Failure to Accurately Transcribe Medication Orders and Notify Provider of Elevated Blood Glucose
Penalty
Summary
The facility failed to accurately transcribe and administer a prednisone taper as ordered for a resident who was readmitted following a hospital stay. The hospital discharge summary specified a tapering schedule for prednisone, but the orders entered into the electronic medical record (EMR) did not match the hospital's instructions. The medication administration record (MAR) showed inconsistencies in the dosage and administration dates, with some doses marked as refused and others not aligning with the prescribed taper. The resident reported receiving incorrect doses and missing doses on certain days. Additionally, the facility did not notify the provider of elevated blood glucose levels for the same resident, who had a diagnosis of diabetes mellitus. The resident's care plan included blood sugar monitoring as ordered by the physician, but the initial orders lacked specific parameters for when to notify the provider.

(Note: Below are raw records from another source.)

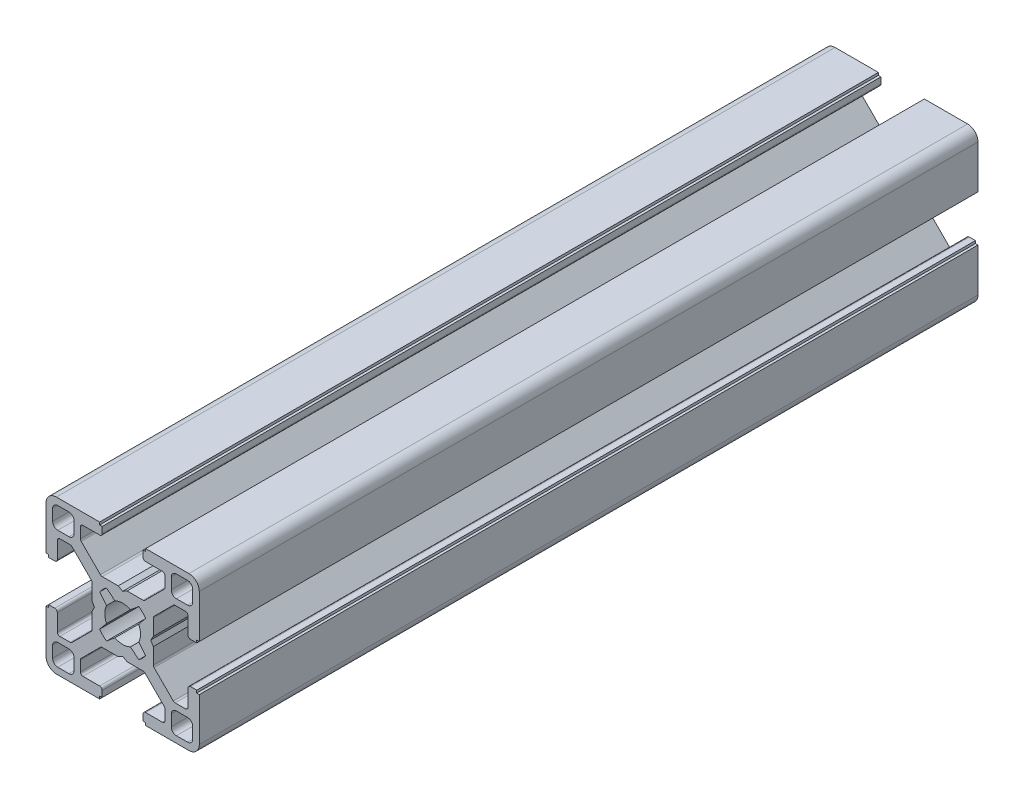
SolidWorks part; units mm, degrees
ref_plane "Front Plane" through (0, 0, 0) normal (0, 0, 1) x (1, 0, 0)
ref_plane "Top Plane" through (0, 0, 0) normal (0, 1, 0) x (1, 0, 0)
ref_plane "Right Plane" through (0, 0, 0) normal (1, 0, 0) x (0, 0, -1)
sketch "Sketch1" plane through (0, 0, 0) normal (0, 0, 1) x (1, 0, 0)
  line L0 (-15, 0) -> (15, 0) construction
  line L1 (0, -15) -> (0, 15) construction
  line L2 (-4.5, 15) -> (4.5, 15) construction
  line L3 (-4, -15) -> (4, -15) construction
  line L4 (-4.5, 15) -> (-4.5, 14.5)
  line L5 (-4.5, 14.5) -> (-4, 14.5)
  line L6 (-4, 14.5) -> (-4, 13.29)
  line L7 (-4.5, 12.79) -> (-7.7675, 12.79)
  line L8 (-8.2675, 12.29) -> (-8.2675, 10.2707)
  line L9 (-8.1211, 9.9171) -> (-4.3504, 6.1464)
  line L10 (-3.9968, 6) -> (0, 6)
  line L11 (0, 0) -> (-15, 15) construction
  line L12 (-4.5, 15) -> (-12.968, 15)
  line L14 (-12.705, 9.5135) -> (-10.5135, 9.5135)
  line L15 (-13.705, 10.5135) -> (-13.705, 12.705)
  line L16 (-12.705, 13.705) -> (-10.5135, 13.705)
  line L17 (-9.5135, 10.5135) -> (-9.5135, 12.705)
  line L18 (-13.705, 9.5135) -> (-9.5135, 13.705) construction
  line L19 (-13.705, 13.705) -> (-9.5135, 9.5135) construction
  line L20 (-3.1568, 4.5038) -> (-1.5303, 3.1477) construction
  line L21 (-4.5038, 3.1568) -> (-3.1477, 1.5303) construction
  line L22 (-6, 3.9968) -> (-6, 0)
  line L23 (-9.9171, 8.1211) -> (-6.1464, 4.3504)
  line L24 (-15, 4.5) -> (-15, 12.968)
  line L25 (-12.29, 8.2675) -> (-10.2707, 8.2675)
  line L26 (-12.79, 4.5) -> (-12.79, 7.7675)
  line L27 (-14.5, 4) -> (-13.29, 4)
  line L28 (-14.5, 4.5) -> (-14.5, 4)
  line L29 (-15, 4.5) -> (-14.5, 4.5)
  circle A0 centre (0, 0) radius 3.5
  arc A1 (-12.968, 15) -> (-15, 12.968) centre (-12.968, 12.968) ccw
  circle A2 centre (0, 0) radius 5.5 construction
  arc A3 (-10.5135, 9.5135) -> (-9.5135, 10.5135) centre (-10.5135, 10.5135) ccw
  arc A4 (-13.705, 12.705) -> (-12.705, 13.705) centre (-12.705, 12.705) cw
  arc A5 (-10.5135, 13.705) -> (-9.5135, 12.705) centre (-10.5135, 12.705) cw
  arc A6 (-12.705, 9.5135) -> (-13.705, 10.5135) centre (-12.705, 10.5135) cw
  arc A7 (-12.79, 4.5) -> (-13.29, 4) centre (-13.29, 4.5) cw
  arc A8 (-12.29, 8.2675) -> (-12.79, 7.7675) centre (-12.29, 7.7675) ccw
  arc A9 (-9.9171, 8.1211) -> (-10.2707, 8.2675) centre (-10.2707, 7.7675) ccw
  arc A10 (-6, 3.9968) -> (-6.1464, 4.3504) centre (-6.5, 3.9968) ccw
  arc A11 (-4.3504, 6.1464) -> (-3.9968, 6) centre (-3.9968, 6.5) ccw
  arc A12 (-4, 13.29) -> (-4.5, 12.79) centre (-4.5, 13.29) cw
  arc A13 (-7.7675, 12.79) -> (-8.2675, 12.29) centre (-7.7675, 12.29) ccw
  arc A14 (-8.2675, 10.2707) -> (-8.1211, 9.9171) centre (-7.7675, 10.2707) ccw
  point P4 (0, 0)
  point P8 (0, 0)
  point P13 (0, 15)
  point P15 (0, -15)
  point P16 (0, 6)
  point P23 (-11.6092, 11.6093)
  point P26 (0, 6)
  point P62 (-12.79, 4)
  point P65 (-12.79, 8.2675)
  point P68 (-10.0636, 8.2675)
  point P71 (-6, 4.2039)
  point P74 (-4.2039, 6)
  point P77 (-4, 12.79)
  point P80 (-8.2675, 12.79)
  point P83 (-8.2675, 10.0636)
  dimension "Center Hole Diameter" = 7
  dimension "D11" = 2.032
  dimension "D9" = 11
  dimension "D13" = 1
  dimension "D14" = 0.5
  dimension "Rail Height" = 30
  dimension "Rail Width" = 30
  dimension "T-Slot Width" = 8
  dimension "T-Slot Depth" = 9
  dimension "D1" = 9
  dimension "D2" = 45
  dimension "D3" = 8
  dimension "D4" = 2.21
  dimension "D5" = 16.535
  dimension "D7" = 2.54
  dimension "D6" = 1.295
  dimension "D8" = 1.246
  dimension "D10" = 10.36
  dimension "D12" = 1.905
sketch "Sketch2" plane through (0, 0, 0) normal (1, 0, 0) x (0, 0, -1)
  line L0 (-76.2, 0) -> (76.2, 0) construction
  line L2 (0, -15) -> (0, 15) construction
  line L3 (0, -15) -> (0, 15) construction
  line L4 (-76.2, -15) -> (-76.2, 15) construction
  line L5 (76.2, -15) -> (76.2, 15) construction
  point P0 (-38.7, 0)
  point P3 (0, 0)
  point P4 (38.7, 0)
  point P12 (-76.2, 0)
  point P14 (76.2, 0)
  dimension "Length" = 152.4
  dimension "D1" = 37.5
sketch "Sketch3" plane through (0, 0, 0) normal (0, 0, 1) x (1, 0, 0)
  line L0 (-4.5038, 3.1568) -> (-3.1477, 1.5303)
  line L1 (0, 3.5) -> (0, 5.5)
  line L2 (-5.5, 0) -> (-3.5, 0)
  line L7 (-6, 3.9968) -> (-6, 0) construction
  line L31 (-9.9171, 8.1211) -> (-6.1464, 4.3504) construction
  line L117 (-12.29, 8.2675) -> (-10.2707, 8.2675) construction
  line L118 (-12.79, 4.5) -> (-12.79, 7.7675) construction
  line L157 (-12.705, 9.5135) -> (-10.5135, 9.5135)
  line L158 (-9.5135, 10.5135) -> (-9.5135, 12.705)
  line L163 (-10.5135, 13.705) -> (-12.705, 13.705)
  line L164 (-13.705, 12.705) -> (-13.705, 10.5135)
  line L165 (-12.705, 9.5135) -> (-10.5135, 9.5135)
  line L166 (-9.5135, 10.5135) -> (-9.5135, 12.705)
  line L167 (-10.5135, 13.705) -> (-12.705, 13.705)
  line L168 (-13.705, 12.705) -> (-13.705, 10.5135)
  line L169 (-14.5, 4) -> (-13.29, 4) construction
  line L170 (-14.5, 4.5) -> (-14.5, 4) construction
  line L171 (-15, 4.5) -> (-14.5, 4.5) construction
  line L172 (-15, 4.5) -> (-15, 12.968) construction
  line L173 (-4.5, 15) -> (-12.968, 15) construction
  line L174 (-4.5, 15) -> (-4.5, 14.5) construction
  line L175 (-4.5, 14.5) -> (-4, 14.5) construction
  line L176 (-4, 14.5) -> (-4, 13.29) construction
  line L177 (-4.5, 12.79) -> (-7.7675, 12.79) construction
  line L178 (-8.2675, 12.29) -> (-8.2675, 10.2707) construction
  line L179 (-8.1211, 9.9171) -> (-4.3504, 6.1464) construction
  line L180 (-3.9968, 6) -> (0, 6) construction
  line L181 (-6, 3.9968) -> (-6, 0.866)
  line L182 (-9.9171, 8.1211) -> (-6.1464, 4.3504)
  line L183 (-12.29, 8.2675) -> (-10.2707, 8.2675)
  line L184 (-12.79, 4.5) -> (-12.79, 7.7675)
  line L185 (-14.5, 4) -> (-13.29, 4)
  line L186 (-14.5, 4.5) -> (-14.5, 4)
  line L187 (-15, 4.5) -> (-14.5, 4.5)
  line L188 (-15, 4.5) -> (-15, 12.968)
  line L189 (-4.5, 15) -> (-12.968, 15)
  line L190 (-4.5, 15) -> (-4.5, 14.5)
  line L191 (-4.5, 14.5) -> (-4, 14.5)
  line L192 (-4, 14.5) -> (-4, 13.29)
  line L193 (-4.5, 12.79) -> (-7.7675, 12.79)
  line L194 (-8.2675, 12.29) -> (-8.2675, 10.2707)
  line L195 (-8.1211, 9.9171) -> (-4.3504, 6.1464)
  line L196 (-3.9968, 6) -> (-0.866, 6)
  line L197 (-0.866, 6) -> (0, 5.5)
  line L198 (0, -15) -> (0, 15) construction
  line L199 (0, 0) -> (-15, 15) construction
  line L200 (0, 0) -> (-15, 15) construction
  line L201 (-3.1568, 4.5038) -> (-1.5303, 3.1477) construction
  line L202 (-3.1568, 4.5038) -> (-1.5303, 3.1477)
  line L203 (-6, 0.866) -> (-5.5, 0)
  line L204 (-15, 0) -> (15, 0) construction
  line L205 (-15, 0) -> (15, 0) construction
  line L206 (0, -15) -> (0, 15) construction
  arc A0 (-3.5, 0) -> (-3.1477, 1.5303) centre (0, 0) cw
  arc A10 (-6, 3.9968) -> (-6.1464, 4.3504) centre (-6.5, 3.9968) ccw construction
  circle A16 centre (0, 0) radius 3.5
  arc A18 (0, 3.5) -> (-1.5303, 3.1477) centre (0, 0) ccw
  arc A20 (-9.9171, 8.1211) -> (-10.2707, 8.2675) centre (-10.2707, 7.7675) ccw construction
  arc A22 (-12.29, 8.2675) -> (-12.79, 7.7675) centre (-12.29, 7.7675) ccw construction
  arc A28 (-13.29, 4) -> (-12.79, 4.5) centre (-13.29, 4.5) ccw construction
  arc A29 (-10.5135, 9.5135) -> (-9.5135, 10.5135) centre (-10.5135, 10.5135) ccw
  arc A30 (-9.5135, 12.705) -> (-10.5135, 13.705) centre (-10.5135, 12.705) ccw
  arc A31 (-12.705, 13.705) -> (-13.705, 12.705) centre (-12.705, 12.705) ccw
  arc A32 (-13.705, 10.5135) -> (-12.705, 9.5135) centre (-12.705, 10.5135) ccw
  arc A33 (-10.5135, 9.5135) -> (-9.5135, 10.5135) centre (-10.5135, 10.5135) ccw
  arc A34 (-9.5135, 12.705) -> (-10.5135, 13.705) centre (-10.5135, 12.705) ccw
  arc A35 (-12.705, 13.705) -> (-13.705, 12.705) centre (-12.705, 12.705) ccw
  arc A36 (-13.705, 10.5135) -> (-12.705, 9.5135) centre (-12.705, 10.5135) ccw
  arc A37 (-12.968, 15) -> (-15, 12.968) centre (-12.968, 12.968) ccw construction
  arc A38 (-4.5, 12.79) -> (-4, 13.29) centre (-4.5, 13.29) ccw construction
  arc A39 (-7.7675, 12.79) -> (-8.2675, 12.29) centre (-7.7675, 12.29) ccw construction
  arc A40 (-8.2675, 10.2707) -> (-8.1211, 9.9171) centre (-7.7675, 10.2707) ccw construction
  arc A41 (-4.3504, 6.1464) -> (-3.9968, 6) centre (-3.9968, 6.5) ccw construction
  arc A42 (-6, 3.9968) -> (-6.1464, 4.3504) centre (-6.5, 3.9968) ccw
  arc A43 (-9.9171, 8.1211) -> (-10.2707, 8.2675) centre (-10.2707, 7.7675) ccw
  arc A44 (-12.29, 8.2675) -> (-12.79, 7.7675) centre (-12.29, 7.7675) ccw
  arc A45 (-13.29, 4) -> (-12.79, 4.5) centre (-13.29, 4.5) ccw
  arc A46 (-12.968, 15) -> (-15, 12.968) centre (-12.968, 12.968) ccw
  arc A47 (-4.5, 12.79) -> (-4, 13.29) centre (-4.5, 13.29) ccw
  arc A48 (-7.7675, 12.79) -> (-8.2675, 12.29) centre (-7.7675, 12.29) ccw
  arc A49 (-8.2675, 10.2707) -> (-8.1211, 9.9171) centre (-7.7675, 10.2707) ccw
  arc A50 (-4.3504, 6.1464) -> (-3.9968, 6) centre (-3.9968, 6.5) ccw
  circle A51 centre (0, 0) radius 5.5 construction
  arc A52 (-3.1568, 4.5038) -> (-4.5038, 3.1568) centre (0, 0) ccw
  dimension "D3" = 60
  dimension "D4" = 60
  dimension "D1" = 0
  dimension "D2" = 0
extrude "Boss-Extrude1" add sketch "Sketch3" along normal mid plane 152.4
pattern_circular "CirPattern1" count 4 over 360 about axis through (0, 0, 0) along (0, 0, 1) of "Boss-Extrude1"
ref_plane "Contact Plane1" through (15, 0, 0) normal (1, 0, 0) x (0, 0, -1)
ref_plane "Contact Plane2" through (0, -15, 0) normal (0, 1, 0) x (1, 0, 0)
ref_plane "Contact Plane3" through (-15, 0, 0) normal (1, 0, 0) x (0, 0, -1)
ref_plane "Contact Plane4" through (0, 15, 0) normal (0, 1, 0) x (1, 0, 0)
equation "\"D1@Sketch2\" = \"Rail Height@Sketch1\" * 1.25"
equation "\"D1@Sketch1\"=\"T-Slot Width@Sketch1\"+1mm"
equation "\"D3@Sketch1\"=\"T-Slot Width@Sketch1\""
equation "\"D1@Boss-Extrude1\"=\"Length\""
equation "\"Length\"= 6in"

Blood glucose readings over 400 mg/dL were recorded on two occasions, but there was no documentation that the provider was notified or that additional insulin or rechecks were performed. Staff interviews revealed uncertainty about notification protocols in the absence of explicit parameters, and the Director of Nursing confirmed that there was no evidence of provider notification for the elevated readings. The resident was cognitively intact and able to report her experiences, stating that staff did not respond to her high blood glucose readings and that she did not receive the correct prednisone taper. The facility's policies required medications to be administered as prescribed and for providers to be updated as needed, but these protocols were not followed in this case, resulting in the deficiencies identified.